* PROVIDED INFORMATION
------------------------------

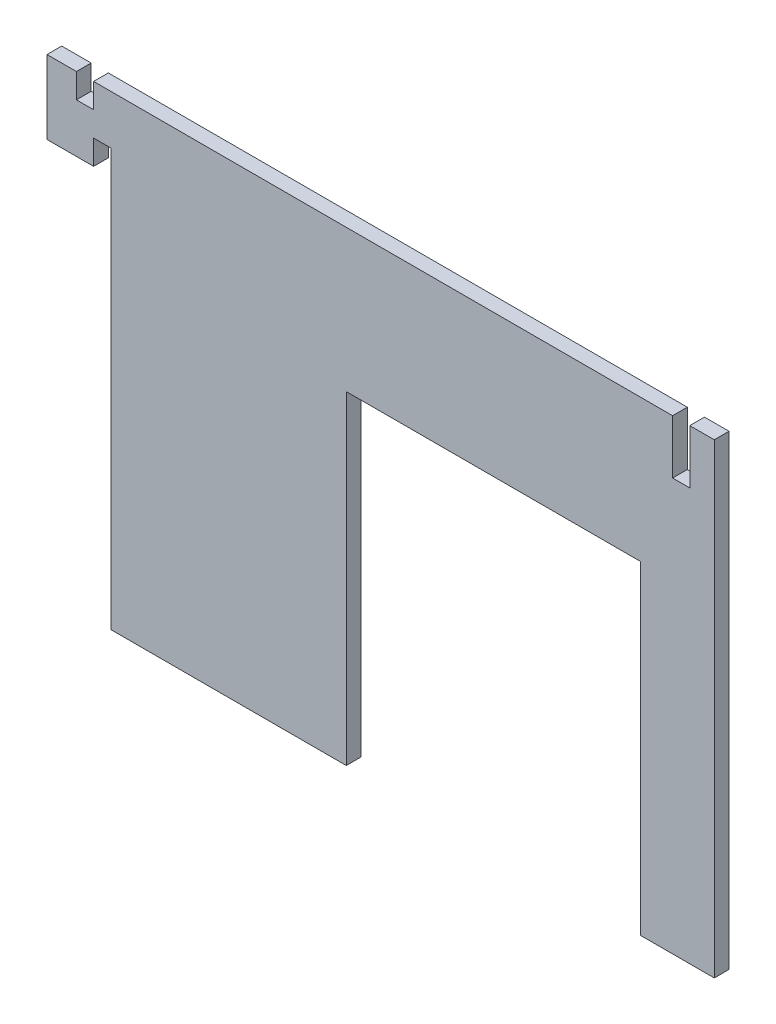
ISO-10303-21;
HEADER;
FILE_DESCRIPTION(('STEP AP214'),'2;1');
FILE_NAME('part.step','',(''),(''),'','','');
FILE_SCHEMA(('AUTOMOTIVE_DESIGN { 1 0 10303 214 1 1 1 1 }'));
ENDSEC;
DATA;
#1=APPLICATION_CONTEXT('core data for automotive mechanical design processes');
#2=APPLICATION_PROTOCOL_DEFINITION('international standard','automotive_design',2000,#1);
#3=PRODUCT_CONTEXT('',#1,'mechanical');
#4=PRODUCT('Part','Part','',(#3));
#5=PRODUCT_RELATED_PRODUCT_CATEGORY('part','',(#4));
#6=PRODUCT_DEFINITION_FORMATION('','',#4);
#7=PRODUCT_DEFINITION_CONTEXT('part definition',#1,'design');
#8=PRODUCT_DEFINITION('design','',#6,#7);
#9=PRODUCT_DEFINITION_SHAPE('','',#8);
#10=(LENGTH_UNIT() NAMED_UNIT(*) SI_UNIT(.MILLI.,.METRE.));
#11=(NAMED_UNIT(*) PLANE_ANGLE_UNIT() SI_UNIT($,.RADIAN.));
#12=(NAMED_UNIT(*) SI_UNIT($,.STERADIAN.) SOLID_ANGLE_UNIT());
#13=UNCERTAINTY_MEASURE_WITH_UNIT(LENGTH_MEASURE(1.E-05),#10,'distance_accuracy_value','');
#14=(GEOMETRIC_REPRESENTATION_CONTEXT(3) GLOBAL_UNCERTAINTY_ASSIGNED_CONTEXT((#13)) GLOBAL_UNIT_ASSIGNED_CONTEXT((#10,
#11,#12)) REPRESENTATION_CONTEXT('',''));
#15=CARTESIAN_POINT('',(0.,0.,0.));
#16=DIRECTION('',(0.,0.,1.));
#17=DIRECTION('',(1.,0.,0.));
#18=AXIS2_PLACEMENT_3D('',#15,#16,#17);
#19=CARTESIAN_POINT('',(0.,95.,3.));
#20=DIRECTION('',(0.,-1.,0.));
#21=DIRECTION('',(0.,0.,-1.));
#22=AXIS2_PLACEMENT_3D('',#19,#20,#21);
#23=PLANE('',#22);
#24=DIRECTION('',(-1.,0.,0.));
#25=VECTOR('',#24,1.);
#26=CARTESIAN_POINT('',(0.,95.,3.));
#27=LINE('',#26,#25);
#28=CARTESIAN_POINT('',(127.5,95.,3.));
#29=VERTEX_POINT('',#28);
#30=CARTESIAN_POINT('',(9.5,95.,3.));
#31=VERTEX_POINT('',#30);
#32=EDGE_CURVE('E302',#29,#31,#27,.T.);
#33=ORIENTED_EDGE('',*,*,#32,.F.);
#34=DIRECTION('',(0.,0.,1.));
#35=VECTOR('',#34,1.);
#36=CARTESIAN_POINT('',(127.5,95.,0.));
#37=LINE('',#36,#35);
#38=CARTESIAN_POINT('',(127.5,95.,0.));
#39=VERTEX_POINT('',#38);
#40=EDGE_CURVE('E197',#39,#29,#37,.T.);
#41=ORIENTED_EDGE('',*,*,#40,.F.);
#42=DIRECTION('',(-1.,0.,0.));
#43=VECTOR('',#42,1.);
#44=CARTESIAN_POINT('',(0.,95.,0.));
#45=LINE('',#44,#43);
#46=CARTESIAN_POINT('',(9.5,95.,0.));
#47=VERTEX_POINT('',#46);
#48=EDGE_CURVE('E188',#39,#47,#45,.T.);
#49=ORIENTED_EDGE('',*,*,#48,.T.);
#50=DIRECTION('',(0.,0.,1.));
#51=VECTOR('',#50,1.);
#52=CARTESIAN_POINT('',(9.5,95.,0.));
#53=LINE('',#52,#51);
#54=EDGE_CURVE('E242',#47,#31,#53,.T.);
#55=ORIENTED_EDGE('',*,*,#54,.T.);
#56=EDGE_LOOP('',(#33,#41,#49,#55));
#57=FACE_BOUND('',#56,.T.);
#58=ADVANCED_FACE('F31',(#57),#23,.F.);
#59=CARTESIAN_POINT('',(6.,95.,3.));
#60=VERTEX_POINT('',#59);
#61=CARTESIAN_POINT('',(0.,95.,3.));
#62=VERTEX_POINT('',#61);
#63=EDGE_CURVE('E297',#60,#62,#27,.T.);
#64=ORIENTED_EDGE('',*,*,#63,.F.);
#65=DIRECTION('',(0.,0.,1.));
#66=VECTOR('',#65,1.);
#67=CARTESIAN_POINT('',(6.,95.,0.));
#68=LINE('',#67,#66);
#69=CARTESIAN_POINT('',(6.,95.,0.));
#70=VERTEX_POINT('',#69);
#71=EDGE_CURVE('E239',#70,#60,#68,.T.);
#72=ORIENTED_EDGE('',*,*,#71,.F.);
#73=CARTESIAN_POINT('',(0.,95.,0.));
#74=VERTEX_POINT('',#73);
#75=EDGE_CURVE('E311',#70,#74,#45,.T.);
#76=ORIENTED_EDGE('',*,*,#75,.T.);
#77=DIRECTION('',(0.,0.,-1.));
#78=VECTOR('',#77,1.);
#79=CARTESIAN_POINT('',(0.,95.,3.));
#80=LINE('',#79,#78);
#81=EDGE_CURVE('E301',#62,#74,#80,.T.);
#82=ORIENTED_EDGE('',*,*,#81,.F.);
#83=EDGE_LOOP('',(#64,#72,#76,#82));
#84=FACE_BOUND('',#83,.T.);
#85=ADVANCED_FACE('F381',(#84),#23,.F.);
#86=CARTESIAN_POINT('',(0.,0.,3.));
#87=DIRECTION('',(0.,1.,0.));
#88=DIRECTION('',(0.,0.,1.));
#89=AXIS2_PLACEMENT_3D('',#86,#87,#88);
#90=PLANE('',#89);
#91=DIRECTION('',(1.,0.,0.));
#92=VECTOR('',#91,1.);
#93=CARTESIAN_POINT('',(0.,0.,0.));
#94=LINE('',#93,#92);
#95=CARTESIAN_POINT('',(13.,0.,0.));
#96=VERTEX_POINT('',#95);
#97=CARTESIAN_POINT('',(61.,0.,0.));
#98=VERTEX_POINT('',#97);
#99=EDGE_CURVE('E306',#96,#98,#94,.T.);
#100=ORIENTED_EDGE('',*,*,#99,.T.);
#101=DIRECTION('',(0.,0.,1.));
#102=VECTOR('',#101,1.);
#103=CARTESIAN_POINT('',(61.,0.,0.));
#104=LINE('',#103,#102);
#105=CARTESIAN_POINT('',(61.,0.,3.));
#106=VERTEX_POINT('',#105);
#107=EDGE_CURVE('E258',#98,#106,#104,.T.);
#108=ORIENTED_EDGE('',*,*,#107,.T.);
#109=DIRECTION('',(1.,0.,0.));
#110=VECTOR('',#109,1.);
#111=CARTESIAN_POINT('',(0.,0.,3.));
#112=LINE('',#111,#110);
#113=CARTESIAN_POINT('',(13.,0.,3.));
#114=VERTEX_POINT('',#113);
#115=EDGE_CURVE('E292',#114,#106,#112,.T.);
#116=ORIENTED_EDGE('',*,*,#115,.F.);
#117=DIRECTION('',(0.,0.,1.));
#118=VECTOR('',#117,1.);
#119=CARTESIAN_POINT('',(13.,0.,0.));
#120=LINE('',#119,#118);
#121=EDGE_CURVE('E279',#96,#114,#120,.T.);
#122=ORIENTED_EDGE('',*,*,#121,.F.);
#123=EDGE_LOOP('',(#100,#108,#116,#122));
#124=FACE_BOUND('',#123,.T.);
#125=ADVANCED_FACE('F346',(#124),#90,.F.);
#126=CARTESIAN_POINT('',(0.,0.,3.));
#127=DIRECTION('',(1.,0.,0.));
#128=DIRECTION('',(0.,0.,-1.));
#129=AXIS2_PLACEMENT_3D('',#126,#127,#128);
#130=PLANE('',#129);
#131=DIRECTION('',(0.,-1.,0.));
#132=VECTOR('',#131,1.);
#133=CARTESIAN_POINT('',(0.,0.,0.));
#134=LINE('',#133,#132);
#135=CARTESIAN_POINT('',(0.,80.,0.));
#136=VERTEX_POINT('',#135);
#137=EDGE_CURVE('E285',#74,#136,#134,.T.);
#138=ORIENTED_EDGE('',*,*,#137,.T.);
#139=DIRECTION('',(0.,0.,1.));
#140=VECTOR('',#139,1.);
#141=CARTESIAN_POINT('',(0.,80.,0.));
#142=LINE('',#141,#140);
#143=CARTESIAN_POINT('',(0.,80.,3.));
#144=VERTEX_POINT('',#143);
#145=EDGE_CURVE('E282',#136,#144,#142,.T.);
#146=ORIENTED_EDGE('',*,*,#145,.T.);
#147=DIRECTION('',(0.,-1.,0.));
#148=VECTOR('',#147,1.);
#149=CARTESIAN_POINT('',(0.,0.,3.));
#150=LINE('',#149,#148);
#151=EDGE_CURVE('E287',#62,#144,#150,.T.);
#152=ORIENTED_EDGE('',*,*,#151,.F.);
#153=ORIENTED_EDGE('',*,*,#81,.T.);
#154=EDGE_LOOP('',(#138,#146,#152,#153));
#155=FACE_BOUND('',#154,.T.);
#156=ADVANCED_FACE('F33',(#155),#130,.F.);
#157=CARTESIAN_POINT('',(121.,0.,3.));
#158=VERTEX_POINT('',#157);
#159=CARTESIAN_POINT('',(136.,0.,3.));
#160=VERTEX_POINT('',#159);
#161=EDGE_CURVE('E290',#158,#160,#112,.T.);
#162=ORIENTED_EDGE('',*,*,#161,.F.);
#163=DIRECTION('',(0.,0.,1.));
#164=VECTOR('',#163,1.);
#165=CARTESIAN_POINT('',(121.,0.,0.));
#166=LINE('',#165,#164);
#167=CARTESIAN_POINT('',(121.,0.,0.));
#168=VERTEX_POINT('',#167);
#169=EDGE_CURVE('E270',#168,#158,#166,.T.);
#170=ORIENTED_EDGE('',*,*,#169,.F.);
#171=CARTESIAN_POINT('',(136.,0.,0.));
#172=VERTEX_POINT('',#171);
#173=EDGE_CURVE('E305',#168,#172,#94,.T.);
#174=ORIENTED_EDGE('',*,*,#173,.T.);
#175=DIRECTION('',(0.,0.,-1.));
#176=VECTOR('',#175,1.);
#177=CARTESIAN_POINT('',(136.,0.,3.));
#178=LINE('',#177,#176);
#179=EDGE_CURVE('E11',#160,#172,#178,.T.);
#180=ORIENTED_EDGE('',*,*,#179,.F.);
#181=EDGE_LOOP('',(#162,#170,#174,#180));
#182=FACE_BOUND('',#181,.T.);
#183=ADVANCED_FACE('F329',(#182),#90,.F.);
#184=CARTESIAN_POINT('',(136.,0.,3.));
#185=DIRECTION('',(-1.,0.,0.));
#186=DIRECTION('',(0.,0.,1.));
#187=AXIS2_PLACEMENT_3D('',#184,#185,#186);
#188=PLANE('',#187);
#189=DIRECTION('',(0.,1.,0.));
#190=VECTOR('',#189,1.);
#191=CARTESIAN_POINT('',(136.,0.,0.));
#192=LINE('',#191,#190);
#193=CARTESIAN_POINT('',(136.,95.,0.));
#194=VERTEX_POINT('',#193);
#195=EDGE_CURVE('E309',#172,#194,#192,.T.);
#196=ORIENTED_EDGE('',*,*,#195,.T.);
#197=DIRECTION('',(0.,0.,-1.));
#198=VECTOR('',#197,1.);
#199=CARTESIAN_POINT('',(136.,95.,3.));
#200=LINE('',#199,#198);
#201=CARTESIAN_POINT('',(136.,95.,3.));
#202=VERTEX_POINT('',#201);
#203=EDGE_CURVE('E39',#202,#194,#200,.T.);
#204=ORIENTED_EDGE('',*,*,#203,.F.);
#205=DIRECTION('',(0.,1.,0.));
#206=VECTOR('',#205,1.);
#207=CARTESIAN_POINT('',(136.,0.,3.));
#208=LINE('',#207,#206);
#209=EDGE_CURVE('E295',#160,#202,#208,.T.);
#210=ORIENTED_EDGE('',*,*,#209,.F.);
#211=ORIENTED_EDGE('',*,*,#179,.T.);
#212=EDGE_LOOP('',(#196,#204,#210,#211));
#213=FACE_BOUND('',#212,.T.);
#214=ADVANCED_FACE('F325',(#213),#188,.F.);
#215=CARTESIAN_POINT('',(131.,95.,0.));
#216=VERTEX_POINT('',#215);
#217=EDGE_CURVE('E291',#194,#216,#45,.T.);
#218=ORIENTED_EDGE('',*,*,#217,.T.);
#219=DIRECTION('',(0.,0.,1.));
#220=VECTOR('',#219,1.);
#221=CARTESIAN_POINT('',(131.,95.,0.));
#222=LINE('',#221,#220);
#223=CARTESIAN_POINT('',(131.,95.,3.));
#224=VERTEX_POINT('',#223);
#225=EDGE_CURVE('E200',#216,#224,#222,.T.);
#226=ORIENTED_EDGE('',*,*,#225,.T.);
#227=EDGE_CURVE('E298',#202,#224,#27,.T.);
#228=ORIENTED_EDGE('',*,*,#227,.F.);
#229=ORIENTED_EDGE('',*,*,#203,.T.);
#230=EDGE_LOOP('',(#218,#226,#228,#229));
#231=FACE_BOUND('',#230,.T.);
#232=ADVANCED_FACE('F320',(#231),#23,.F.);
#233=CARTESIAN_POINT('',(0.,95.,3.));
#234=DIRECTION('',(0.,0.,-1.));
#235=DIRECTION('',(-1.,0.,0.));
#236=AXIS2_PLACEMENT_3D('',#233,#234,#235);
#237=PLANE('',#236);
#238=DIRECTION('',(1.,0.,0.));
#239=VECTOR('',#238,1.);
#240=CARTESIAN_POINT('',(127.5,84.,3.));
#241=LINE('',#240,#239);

------------------------------

* GOAL OF THE EXERCISE
Reprint exactly the lines above that start at the one with "#82=ORIENTED_EDGE('',*,*,#81,.F.);" and end at the one with "#145=EDGE_CURVE('E282',#136,#144,#142,.T.);", keeping both and adding none.

* ANSWER BOX
#82=ORIENTED_EDGE('',*,*,#81,.F.);
#83=EDGE_LOOP('',(#64,#72,#76,#82));
#84=FACE_BOUND('',#83,.T.);
#85=ADVANCED_FACE('F381',(#84),#23,.F.);
#86=CARTESIAN_POINT('',(0.,0.,3.));
#87=DIRECTION('',(0.,1.,0.));
#88=DIRECTION('',(0.,0.,1.));
#89=AXIS2_PLACEMENT_3D('',#86,#87,#88);
#90=PLANE('',#89);
#91=DIRECTION('',(1.,0.,0.));
#92=VECTOR('',#91,1.);
#93=CARTESIAN_POINT('',(0.,0.,0.));
#94=LINE('',#93,#92);
#95=CARTESIAN_POINT('',(13.,0.,0.));
#96=VERTEX_POINT('',#95);
#97=CARTESIAN_POINT('',(61.,0.,0.));
#98=VERTEX_POINT('',#97);
#99=EDGE_CURVE('E306',#96,#98,#94,.T.);
#100=ORIENTED_EDGE('',*,*,#99,.T.);
#101=DIRECTION('',(0.,0.,1.));
#102=VECTOR('',#101,1.);
#103=CARTESIAN_POINT('',(61.,0.,0.));
#104=LINE('',#103,#102);
#105=CARTESIAN_POINT('',(61.,0.,3.));
#106=VERTEX_POINT('',#105);
#107=EDGE_CURVE('E258',#98,#106,#104,.T.);
#108=ORIENTED_EDGE('',*,*,#107,.T.);
#109=DIRECTION('',(1.,0.,0.));
#110=VECTOR('',#109,1.);
#111=CARTESIAN_POINT('',(0.,0.,3.));
#112=LINE('',#111,#110);
#113=CARTESIAN_POINT('',(13.,0.,3.));
#114=VERTEX_POINT('',#113);
#115=EDGE_CURVE('E292',#114,#106,#112,.T.);
#116=ORIENTED_EDGE('',*,*,#115,.F.);
#117=DIRECTION('',(0.,0.,1.));
#118=VECTOR('',#117,1.);
#119=CARTESIAN_POINT('',(13.,0.,0.));
#120=LINE('',#119,#118);
#121=EDGE_CURVE('E279',#96,#114,#120,.T.);
#122=ORIENTED_EDGE('',*,*,#121,.F.);
#123=EDGE_LOOP('',(#100,#108,#116,#122));
#124=FACE_BOUND('',#123,.T.);
#125=ADVANCED_FACE('F346',(#124),#90,.F.);
#126=CARTESIAN_POINT('',(0.,0.,3.));
#127=DIRECTION('',(1.,0.,0.));
#128=DIRECTION('',(0.,0.,-1.));
#129=AXIS2_PLACEMENT_3D('',#126,#127,#128);
#130=PLANE('',#129);
#131=DIRECTION('',(0.,-1.,0.));
#132=VECTOR('',#131,1.);
#133=CARTESIAN_POINT('',(0.,0.,0.));
#134=LINE('',#133,#132);
#135=CARTESIAN_POINT('',(0.,80.,0.));
#136=VERTEX_POINT('',#135);
#137=EDGE_CURVE('E285',#74,#136,#134,.T.);
#138=ORIENTED_EDGE('',*,*,#137,.T.);
#139=DIRECTION('',(0.,0.,1.));
#140=VECTOR('',#139,1.);
#141=CARTESIAN_POINT('',(0.,80.,0.));
#142=LINE('',#141,#140);
#143=CARTESIAN_POINT('',(0.,80.,3.));
#144=VERTEX_POINT('',#143);
#145=EDGE_CURVE('E282',#136,#144,#142,.T.);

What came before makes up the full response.